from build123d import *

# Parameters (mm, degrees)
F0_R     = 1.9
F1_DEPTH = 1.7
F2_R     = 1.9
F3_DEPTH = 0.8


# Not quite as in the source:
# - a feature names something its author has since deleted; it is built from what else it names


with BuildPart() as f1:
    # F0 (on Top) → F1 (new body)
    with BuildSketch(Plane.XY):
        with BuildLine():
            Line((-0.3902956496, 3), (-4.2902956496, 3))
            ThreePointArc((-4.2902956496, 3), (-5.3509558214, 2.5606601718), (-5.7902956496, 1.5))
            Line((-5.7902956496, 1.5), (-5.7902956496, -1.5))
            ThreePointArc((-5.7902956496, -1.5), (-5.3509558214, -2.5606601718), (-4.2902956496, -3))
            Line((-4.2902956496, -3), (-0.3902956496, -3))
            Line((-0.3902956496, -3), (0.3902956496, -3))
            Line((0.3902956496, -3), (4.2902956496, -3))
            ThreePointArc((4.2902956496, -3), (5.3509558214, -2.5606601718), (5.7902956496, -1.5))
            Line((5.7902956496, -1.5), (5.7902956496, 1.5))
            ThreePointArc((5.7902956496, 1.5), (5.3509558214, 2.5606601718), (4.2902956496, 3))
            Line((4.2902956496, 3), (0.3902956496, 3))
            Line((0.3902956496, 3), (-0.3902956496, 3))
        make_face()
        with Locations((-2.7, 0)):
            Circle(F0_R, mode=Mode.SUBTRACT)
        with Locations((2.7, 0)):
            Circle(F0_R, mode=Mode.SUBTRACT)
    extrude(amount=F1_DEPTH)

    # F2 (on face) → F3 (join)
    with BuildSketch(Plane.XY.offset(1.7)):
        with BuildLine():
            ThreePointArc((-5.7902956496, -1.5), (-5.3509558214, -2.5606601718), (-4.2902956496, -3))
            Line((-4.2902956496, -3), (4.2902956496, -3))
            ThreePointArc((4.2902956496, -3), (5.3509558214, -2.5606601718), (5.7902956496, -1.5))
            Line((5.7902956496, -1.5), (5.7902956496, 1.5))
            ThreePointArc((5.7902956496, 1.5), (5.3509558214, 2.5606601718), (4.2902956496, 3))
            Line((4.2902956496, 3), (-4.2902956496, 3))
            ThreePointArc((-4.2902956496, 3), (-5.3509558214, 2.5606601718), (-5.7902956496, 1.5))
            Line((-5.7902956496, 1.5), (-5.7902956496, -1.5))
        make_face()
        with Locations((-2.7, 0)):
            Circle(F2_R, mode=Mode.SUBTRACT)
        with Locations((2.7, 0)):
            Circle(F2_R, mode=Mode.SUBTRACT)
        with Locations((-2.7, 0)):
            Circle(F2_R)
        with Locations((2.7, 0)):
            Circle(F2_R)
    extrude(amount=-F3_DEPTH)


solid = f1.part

Try it → Search the data above for the string "Plane" and copy each line that has it.

Written reply →
    with BuildSketch(Plane.XY):
    with BuildSketch(Plane.XY.offset(1.7)):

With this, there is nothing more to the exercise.